In the entries below, find the line with "#245=AXIS2_PLACEMENT_3D('',#242,#243,#244);" and the line with "#280=FACE_BOUND('',#279,.T.);". Return those two lines and all lines between them, exactly.

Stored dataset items
-- Opening Marker --

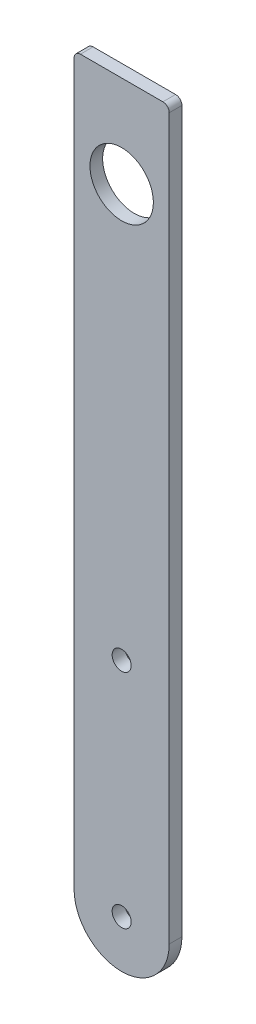
ISO-10303-21;
HEADER;
FILE_DESCRIPTION(('STEP AP214'),'2;1');
FILE_NAME('part.step','',(''),(''),'','','');
FILE_SCHEMA(('AUTOMOTIVE_DESIGN { 1 0 10303 214 1 1 1 1 }'));
ENDSEC;
DATA;
#1=APPLICATION_CONTEXT('core data for automotive mechanical design processes');
#2=APPLICATION_PROTOCOL_DEFINITION('international standard','automotive_design',2000,#1);
#3=PRODUCT_CONTEXT('',#1,'mechanical');
#4=PRODUCT('Part','Part','',(#3));
#5=PRODUCT_RELATED_PRODUCT_CATEGORY('part','',(#4));
#6=PRODUCT_DEFINITION_FORMATION('','',#4);
#7=PRODUCT_DEFINITION_CONTEXT('part definition',#1,'design');
#8=PRODUCT_DEFINITION('design','',#6,#7);
#9=PRODUCT_DEFINITION_SHAPE('','',#8);
#10=(LENGTH_UNIT() NAMED_UNIT(*) SI_UNIT(.MILLI.,.METRE.));
#11=(NAMED_UNIT(*) PLANE_ANGLE_UNIT() SI_UNIT($,.RADIAN.));
#12=(NAMED_UNIT(*) SI_UNIT($,.STERADIAN.) SOLID_ANGLE_UNIT());
#13=UNCERTAINTY_MEASURE_WITH_UNIT(LENGTH_MEASURE(1.E-05),#10,'distance_accuracy_value','');
#14=(GEOMETRIC_REPRESENTATION_CONTEXT(3) GLOBAL_UNCERTAINTY_ASSIGNED_CONTEXT((#13)) GLOBAL_UNIT_ASSIGNED_CONTEXT((#10,
#11,#12)) REPRESENTATION_CONTEXT('',''));
#15=CARTESIAN_POINT('',(0.,0.,0.));
#16=DIRECTION('',(0.,0.,1.));
#17=DIRECTION('',(1.,0.,0.));
#18=AXIS2_PLACEMENT_3D('',#15,#16,#17);
#19=CARTESIAN_POINT('',(0.,0.,2.));
#20=DIRECTION('',(-1.,0.,0.));
#21=DIRECTION('',(0.,0.,1.));
#22=AXIS2_PLACEMENT_3D('',#19,#20,#21);
#23=PLANE('',#22);
#24=DIRECTION('',(0.,1.,0.));
#25=VECTOR('',#24,1.);
#26=CARTESIAN_POINT('',(0.,0.,2.));
#27=LINE('',#26,#25);
#28=CARTESIAN_POINT('',(0.,6.5,2.));
#29=VERTEX_POINT('',#28);
#30=CARTESIAN_POINT('',(0.,120.,2.));
#31=VERTEX_POINT('',#30);
#32=EDGE_CURVE('E92',#29,#31,#27,.T.);
#33=ORIENTED_EDGE('',*,*,#32,.T.);
#34=DIRECTION('',(0.,0.,-1.));
#35=VECTOR('',#34,1.);
#36=CARTESIAN_POINT('',(0.,120.,2.));
#37=LINE('',#36,#35);
#38=CARTESIAN_POINT('',(0.,120.,0.));
#39=VERTEX_POINT('',#38);
#40=EDGE_CURVE('E11',#31,#39,#37,.T.);
#41=ORIENTED_EDGE('',*,*,#40,.T.);
#42=DIRECTION('',(0.,1.,0.));
#43=VECTOR('',#42,1.);
#44=CARTESIAN_POINT('',(0.,0.,0.));
#45=LINE('',#44,#43);
#46=CARTESIAN_POINT('',(0.,6.5,0.));
#47=VERTEX_POINT('',#46);
#48=EDGE_CURVE('E95',#47,#39,#45,.T.);
#49=ORIENTED_EDGE('',*,*,#48,.F.);
#50=DIRECTION('',(0.,0.,-1.));
#51=VECTOR('',#50,1.);
#52=CARTESIAN_POINT('',(0.,6.5,2.));
#53=LINE('',#52,#51);
#54=EDGE_CURVE('E90',#29,#47,#53,.T.);
#55=ORIENTED_EDGE('',*,*,#54,.F.);
#56=EDGE_LOOP('',(#33,#41,#49,#55));
#57=FACE_BOUND('',#56,.T.);
#58=ADVANCED_FACE('F35',(#57),#23,.T.);
#59=CARTESIAN_POINT('',(7.50000000000001,6.5,2.));
#60=DIRECTION('',(0.,0.,-1.));
#61=DIRECTION('',(-1.,0.,0.));
#62=AXIS2_PLACEMENT_3D('',#59,#60,#61);
#63=CYLINDRICAL_SURFACE('',#62,7.50000000000001);
#64=CARTESIAN_POINT('',(7.50000000000001,6.5,0.));
#65=DIRECTION('',(0.,0.,1.));
#66=DIRECTION('',(1.,0.,0.));
#67=AXIS2_PLACEMENT_3D('',#64,#65,#66);
#68=CIRCLE('',#67,7.50000000000001);
#69=CARTESIAN_POINT('',(15.,6.5,0.));
#70=VERTEX_POINT('',#69);
#71=EDGE_CURVE('E129',#47,#70,#68,.T.);
#72=ORIENTED_EDGE('',*,*,#71,.T.);
#73=DIRECTION('',(0.,0.,-1.));
#74=VECTOR('',#73,1.);
#75=CARTESIAN_POINT('',(15.,6.5,2.));
#76=LINE('',#75,#74);
#77=CARTESIAN_POINT('',(15.,6.5,2.));
#78=VERTEX_POINT('',#77);
#79=EDGE_CURVE('E100',#78,#70,#76,.T.);
#80=ORIENTED_EDGE('',*,*,#79,.F.);
#81=CARTESIAN_POINT('',(7.50000000000001,6.5,2.));
#82=DIRECTION('',(0.,0.,1.));
#83=DIRECTION('',(1.,0.,0.));
#84=AXIS2_PLACEMENT_3D('',#81,#82,#83);
#85=CIRCLE('',#84,7.50000000000001);
#86=EDGE_CURVE('E104',#29,#78,#85,.T.);
#87=ORIENTED_EDGE('',*,*,#86,.F.);
#88=ORIENTED_EDGE('',*,*,#54,.T.);
#89=EDGE_LOOP('',(#72,#80,#87,#88));
#90=FACE_BOUND('',#89,.T.);
#91=ADVANCED_FACE('F105',(#90),#63,.T.);
#92=CARTESIAN_POINT('',(15.,0.,2.));
#93=DIRECTION('',(-1.,0.,0.));
#94=DIRECTION('',(0.,-1.,0.));
#95=AXIS2_PLACEMENT_3D('',#92,#93,#94);
#96=PLANE('',#95);
#97=DIRECTION('',(0.,1.,0.));
#98=VECTOR('',#97,1.);
#99=CARTESIAN_POINT('',(15.,0.,0.));
#100=LINE('',#99,#98);
#101=CARTESIAN_POINT('',(15.,120.,0.));
#102=VERTEX_POINT('',#101);
#103=EDGE_CURVE('E131',#70,#102,#100,.T.);
#104=ORIENTED_EDGE('',*,*,#103,.T.);
#105=DIRECTION('',(0.,0.,-1.));
#106=VECTOR('',#105,1.);
#107=CARTESIAN_POINT('',(15.,120.,2.));
#108=LINE('',#107,#106);
#109=CARTESIAN_POINT('',(15.,120.,2.));
#110=VERTEX_POINT('',#109);
#111=EDGE_CURVE('E58',#102,#110,#108,.F.);
#112=ORIENTED_EDGE('',*,*,#111,.T.);
#113=DIRECTION('',(0.,1.,0.));
#114=VECTOR('',#113,1.);
#115=CARTESIAN_POINT('',(15.,0.,2.));
#116=LINE('',#115,#114);
#117=EDGE_CURVE('E107',#78,#110,#116,.T.);
#118=ORIENTED_EDGE('',*,*,#117,.F.);
#119=ORIENTED_EDGE('',*,*,#79,.T.);
#120=EDGE_LOOP('',(#104,#112,#118,#119));
#121=FACE_BOUND('',#120,.T.);
#122=ADVANCED_FACE('F156',(#121),#96,.F.);
#123=CARTESIAN_POINT('',(7.50000000000001,6.5,2.));
#124=DIRECTION('',(0.,0.,-1.));
#125=DIRECTION('',(-1.,0.,0.));
#126=AXIS2_PLACEMENT_3D('',#123,#124,#125);
#127=CYLINDRICAL_SURFACE('',#126,1.5);
#128=CARTESIAN_POINT('',(7.50000000000001,6.5,2.));
#129=DIRECTION('',(0.,0.,1.));
#130=DIRECTION('',(1.,0.,0.));
#131=AXIS2_PLACEMENT_3D('',#128,#129,#130);
#132=CIRCLE('',#131,1.5);
#133=CARTESIAN_POINT('',(9.00000000000001,6.5,2.));
#134=VERTEX_POINT('',#133);
#135=EDGE_CURVE('E110',#134,#134,#132,.T.);
#136=ORIENTED_EDGE('',*,*,#135,.T.);
#137=EDGE_LOOP('',(#136));
#138=FACE_BOUND('',#137,.T.);
#139=CARTESIAN_POINT('',(7.50000000000001,6.5,0.));
#140=DIRECTION('',(0.,0.,1.));
#141=DIRECTION('',(1.,0.,0.));
#142=AXIS2_PLACEMENT_3D('',#139,#140,#141);
#143=CIRCLE('',#142,1.5);
#144=CARTESIAN_POINT('',(9.00000000000001,6.5,0.));
#145=VERTEX_POINT('',#144);
#146=EDGE_CURVE('E124',#145,#145,#143,.T.);
#147=ORIENTED_EDGE('',*,*,#146,.F.);
#148=EDGE_LOOP('',(#147));
#149=FACE_BOUND('',#148,.T.);
#150=ADVANCED_FACE('F173',(#138,#149),#127,.F.);
#151=CARTESIAN_POINT('',(7.50000000000001,106.5,2.));
#152=DIRECTION('',(0.,0.,-1.));
#153=DIRECTION('',(-1.,0.,0.));
#154=AXIS2_PLACEMENT_3D('',#151,#152,#153);
#155=CYLINDRICAL_SURFACE('',#154,5.);
#156=CARTESIAN_POINT('',(7.50000000000001,106.5,2.));
#157=DIRECTION('',(0.,0.,1.));
#158=DIRECTION('',(1.,0.,0.));
#159=AXIS2_PLACEMENT_3D('',#156,#157,#158);
#160=CIRCLE('',#159,5.);
#161=CARTESIAN_POINT('',(12.5,106.5,2.));
#162=VERTEX_POINT('',#161);
#163=EDGE_CURVE('E113',#162,#162,#160,.T.);
#164=ORIENTED_EDGE('',*,*,#163,.T.);
#165=EDGE_LOOP('',(#164));
#166=FACE_BOUND('',#165,.T.);
#167=CARTESIAN_POINT('',(7.50000000000001,106.5,0.));
#168=DIRECTION('',(0.,0.,1.));
#169=DIRECTION('',(1.,0.,0.));
#170=AXIS2_PLACEMENT_3D('',#167,#168,#169);
#171=CIRCLE('',#170,5.);
#172=CARTESIAN_POINT('',(12.5,106.5,0.));
#173=VERTEX_POINT('',#172);
#174=EDGE_CURVE('E121',#173,#173,#171,.T.);
#175=ORIENTED_EDGE('',*,*,#174,.F.);
#176=EDGE_LOOP('',(#175));
#177=FACE_BOUND('',#176,.T.);
#178=ADVANCED_FACE('F176',(#166,#177),#155,.F.);
#179=CARTESIAN_POINT('',(0.,121.,2.));
#180=DIRECTION('',(0.,1.,0.));
#181=DIRECTION('',(0.,0.,1.));
#182=AXIS2_PLACEMENT_3D('',#179,#180,#181);
#183=PLANE('',#182);
#184=DIRECTION('',(1.,0.,0.));
#185=VECTOR('',#184,1.);
#186=CARTESIAN_POINT('',(0.,121.,2.));
#187=LINE('',#186,#185);
#188=CARTESIAN_POINT('',(1.,121.,2.));
#189=VERTEX_POINT('',#188);
#190=CARTESIAN_POINT('',(14.,121.,2.));
#191=VERTEX_POINT('',#190);
#192=EDGE_CURVE('E118',#189,#191,#187,.T.);
#193=ORIENTED_EDGE('',*,*,#192,.T.);
#194=DIRECTION('',(0.,0.,-1.));
#195=VECTOR('',#194,1.);
#196=CARTESIAN_POINT('',(14.,121.,0.));
#197=LINE('',#196,#195);
#198=CARTESIAN_POINT('',(14.,121.,0.));
#199=VERTEX_POINT('',#198);
#200=EDGE_CURVE('E138',#191,#199,#197,.T.);
#201=ORIENTED_EDGE('',*,*,#200,.T.);
#202=DIRECTION('',(1.,0.,0.));
#203=VECTOR('',#202,1.);
#204=CARTESIAN_POINT('',(0.,121.,0.));
#205=LINE('',#204,#203);
#206=CARTESIAN_POINT('',(1.,121.,0.));
#207=VERTEX_POINT('',#206);
#208=EDGE_CURVE('E133',#207,#199,#205,.T.);
#209=ORIENTED_EDGE('',*,*,#208,.F.);
#210=DIRECTION('',(0.,0.,-1.));
#211=VECTOR('',#210,1.);
#212=CARTESIAN_POINT('',(1.,121.,2.));
#213=LINE('',#212,#211);
#214=EDGE_CURVE('E99',#207,#189,#213,.F.);
#215=ORIENTED_EDGE('',*,*,#214,.T.);
#216=EDGE_LOOP('',(#193,#201,#209,#215));
#217=FACE_BOUND('',#216,.T.);
#218=ADVANCED_FACE('F150',(#217),#183,.T.);
#219=CARTESIAN_POINT('',(0.,0.,2.));
#220=DIRECTION('',(0.,0.,1.));
#221=DIRECTION('',(1.,0.,0.));
#222=AXIS2_PLACEMENT_3D('',#219,#220,#221);
#223=PLANE('',#222);
#224=CARTESIAN_POINT('',(7.50000000000001,41.5,2.));
#225=DIRECTION('',(0.,0.,1.));
#226=DIRECTION('',(1.,0.,0.));
#227=AXIS2_PLACEMENT_3D('',#224,#225,#226);
#228=CIRCLE('',#227,1.5);
#229=CARTESIAN_POINT('',(9.00000000000001,41.5,2.));
#230=VERTEX_POINT('',#229);
#231=EDGE_CURVE('E271',#230,#230,#228,.T.);
#232=ORIENTED_EDGE('',*,*,#231,.F.);
#233=EDGE_LOOP('',(#232));
#234=FACE_BOUND('',#233,.T.);
#235=ORIENTED_EDGE('',*,*,#163,.F.);
#236=EDGE_LOOP('',(#235));
#237=FACE_BOUND('',#236,.T.);
#238=ORIENTED_EDGE('',*,*,#135,.F.);
#239=EDGE_LOOP('',(#238));
#240=FACE_BOUND('',#239,.T.);
#241=ORIENTED_EDGE('',*,*,#117,.T.);
#242=CARTESIAN_POINT('',(14.,120.,2.));
#243=DIRECTION('',(0.,0.,1.));
#244=DIRECTION('',(1.,0.,0.));
#245=AXIS2_PLACEMENT_3D('',#242,#243,#244);
#246=CIRCLE('',#245,1.);
#247=EDGE_CURVE('E43',#110,#191,#246,.T.);
#248=ORIENTED_EDGE('',*,*,#247,.T.);
#249=ORIENTED_EDGE('',*,*,#192,.F.);
#250=CARTESIAN_POINT('',(1.,120.,2.));
#251=DIRECTION('',(0.,0.,1.));
#252=DIRECTION('',(1.,0.,0.));
#253=AXIS2_PLACEMENT_3D('',#250,#251,#252);
#254=CIRCLE('',#253,1.);
#255=EDGE_CURVE('E50',#189,#31,#254,.T.);
#256=ORIENTED_EDGE('',*,*,#255,.T.);
#257=ORIENTED_EDGE('',*,*,#32,.F.);
#258=ORIENTED_EDGE('',*,*,#86,.T.);
#259=EDGE_LOOP('',(#241,#248,#249,#256,#257,#258));
#260=FACE_BOUND('',#259,.T.);
#261=ADVANCED_FACE('F109',(#234,#237,#240,#260),#223,.T.);
#262=CARTESIAN_POINT('',(0.,0.,0.));
#263=DIRECTION('',(0.,0.,1.));
#264=DIRECTION('',(1.,0.,0.));
#265=AXIS2_PLACEMENT_3D('',#262,#263,#264);
#266=PLANE('',#265);
#267=CARTESIAN_POINT('',(7.50000000000001,41.5,0.));
#268=DIRECTION('',(0.,0.,1.));
#269=DIRECTION('',(1.,0.,0.));
#270=AXIS2_PLACEMENT_3D('',#267,#268,#269);
#271=CIRCLE('',#270,1.5);
#272=CARTESIAN_POINT('',(9.00000000000001,41.5,0.));
#273=VERTEX_POINT('',#272);
#274=EDGE_CURVE('E125',#273,#273,#271,.T.);
#275=ORIENTED_EDGE('',*,*,#274,.T.);
#276=EDGE_LOOP('',(#275));
#277=FACE_BOUND('',#276,.T.);
#278=ORIENTED_EDGE('',*,*,#174,.T.);
#279=EDGE_LOOP('',(#278));
#280=FACE_BOUND('',#279,.T.);
#281=ORIENTED_EDGE('',*,*,#146,.T.);
#282=EDGE_LOOP('',(#281));
#283=FACE_BOUND('',#282,.T.);
#284=ORIENTED_EDGE('',*,*,#208,.T.);
#285=CARTESIAN_POINT('',(14.,120.,0.));
#286=DIRECTION('',(0.,0.,1.));
#287=DIRECTION('',(1.,0.,0.));
#288=AXIS2_PLACEMENT_3D('',#285,#286,#287);
#289=CIRCLE('',#288,1.);
#290=EDGE_CURVE('E143',#199,#102,#289,.F.);
#291=ORIENTED_EDGE('',*,*,#290,.T.);
#292=ORIENTED_EDGE('',*,*,#103,.F.);
#293=ORIENTED_EDGE('',*,*,#71,.F.);
#294=ORIENTED_EDGE('',*,*,#48,.T.);
#295=CARTESIAN_POINT('',(1.,120.,0.));
#296=DIRECTION('',(0.,0.,1.));
#297=DIRECTION('',(1.,0.,0.));
#298=AXIS2_PLACEMENT_3D('',#295,#296,#297);
#299=CIRCLE('',#298,1.);
#300=EDGE_CURVE('E141',#39,#207,#299,.F.);
#301=ORIENTED_EDGE('',*,*,#300,.T.);
#302=EDGE_LOOP('',(#284,#291,#292,#293,#294,#301));
#303=FACE_BOUND('',#302,.T.);
#304=ADVANCED_FACE('F155',(#277,#280,#283,#303),#266,.F.);
#305=CARTESIAN_POINT('',(7.50000000000001,41.5,0.));
#306=DIRECTION('',(0.,0.,1.));
#307=DIRECTION('',(1.,0.,0.));
#308=AXIS2_PLACEMENT_3D('',#305,#306,#307);
#309=CYLINDRICAL_SURFACE('',#308,1.5);
#310=ORIENTED_EDGE('',*,*,#274,.F.);
#311=EDGE_LOOP('',(#310));
#312=FACE_BOUND('',#311,.T.);
#313=ORIENTED_EDGE('',*,*,#231,.T.);
#314=EDGE_LOOP('',(#313));
#315=FACE_BOUND('',#314,.T.);
#316=ADVANCED_FACE('F162',(#312,#315),#309,.F.);
#317=CARTESIAN_POINT('',(14.,120.,2.));
#318=DIRECTION('',(0.,0.,1.));
#319=DIRECTION('',(1.,0.,0.));
#320=AXIS2_PLACEMENT_3D('',#317,#318,#319);
#321=CYLINDRICAL_SURFACE('',#320,1.);
#322=ORIENTED_EDGE('',*,*,#247,.F.);
#323=ORIENTED_EDGE('',*,*,#111,.F.);
#324=ORIENTED_EDGE('',*,*,#290,.F.);
#325=ORIENTED_EDGE('',*,*,#200,.F.);
#326=EDGE_LOOP('',(#322,#323,#324,#325));
#327=FACE_BOUND('',#326,.T.);
#328=ADVANCED_FACE('F153',(#327),#321,.T.);
#329=CARTESIAN_POINT('',(1.,120.,2.));
#330=DIRECTION('',(0.,0.,-1.));
#331=DIRECTION('',(-1.,0.,0.));
#332=AXIS2_PLACEMENT_3D('',#329,#330,#331);
#333=CYLINDRICAL_SURFACE('',#332,1.);
#334=ORIENTED_EDGE('',*,*,#255,.F.);
#335=ORIENTED_EDGE('',*,*,#214,.F.);
#336=ORIENTED_EDGE('',*,*,#300,.F.);
#337=ORIENTED_EDGE('',*,*,#40,.F.);
#338=EDGE_LOOP('',(#334,#335,#336,#337));
#339=FACE_BOUND('',#338,.T.);
#340=ADVANCED_FACE('F37',(#339),#333,.T.);
#341=CLOSED_SHELL('',(#58,#91,#122,#150,#178,#218,#261,#304,#316,#328,#340));
#342=MANIFOLD_SOLID_BREP('B2',#341);
#343=ADVANCED_BREP_SHAPE_REPRESENTATION('',(#18,#342),#14);
#344=SHAPE_DEFINITION_REPRESENTATION(#9,#343);
ENDSEC;
END-ISO-10303-21;

-- Closing Marker --

Solution below:
#245=AXIS2_PLACEMENT_3D('',#242,#243,#244);
#246=CIRCLE('',#245,1.);
#247=EDGE_CURVE('E43',#110,#191,#246,.T.);
#248=ORIENTED_EDGE('',*,*,#247,.T.);
#249=ORIENTED_EDGE('',*,*,#192,.F.);
#250=CARTESIAN_POINT('',(1.,120.,2.));
#251=DIRECTION('',(0.,0.,1.));
#252=DIRECTION('',(1.,0.,0.));
#253=AXIS2_PLACEMENT_3D('',#250,#251,#252);
#254=CIRCLE('',#253,1.);
#255=EDGE_CURVE('E50',#189,#31,#254,.T.);
#256=ORIENTED_EDGE('',*,*,#255,.T.);
#257=ORIENTED_EDGE('',*,*,#32,.F.);
#258=ORIENTED_EDGE('',*,*,#86,.T.);
#259=EDGE_LOOP('',(#241,#248,#249,#256,#257,#258));
#260=FACE_BOUND('',#259,.T.);
#261=ADVANCED_FACE('F109',(#234,#237,#240,#260),#223,.T.);
#262=CARTESIAN_POINT('',(0.,0.,0.));
#263=DIRECTION('',(0.,0.,1.));
#264=DIRECTION('',(1.,0.,0.));
#265=AXIS2_PLACEMENT_3D('',#262,#263,#264);
#266=PLANE('',#265);
#267=CARTESIAN_POINT('',(7.50000000000001,41.5,0.));
#268=DIRECTION('',(0.,0.,1.));
#269=DIRECTION('',(1.,0.,0.));
#270=AXIS2_PLACEMENT_3D('',#267,#268,#269);
#271=CIRCLE('',#270,1.5);
#272=CARTESIAN_POINT('',(9.00000000000001,41.5,0.));
#273=VERTEX_POINT('',#272);
#274=EDGE_CURVE('E125',#273,#273,#271,.T.);
#275=ORIENTED_EDGE('',*,*,#274,.T.);
#276=EDGE_LOOP('',(#275));
#277=FACE_BOUND('',#276,.T.);
#278=ORIENTED_EDGE('',*,*,#174,.T.);
#279=EDGE_LOOP('',(#278));
#280=FACE_BOUND('',#279,.T.);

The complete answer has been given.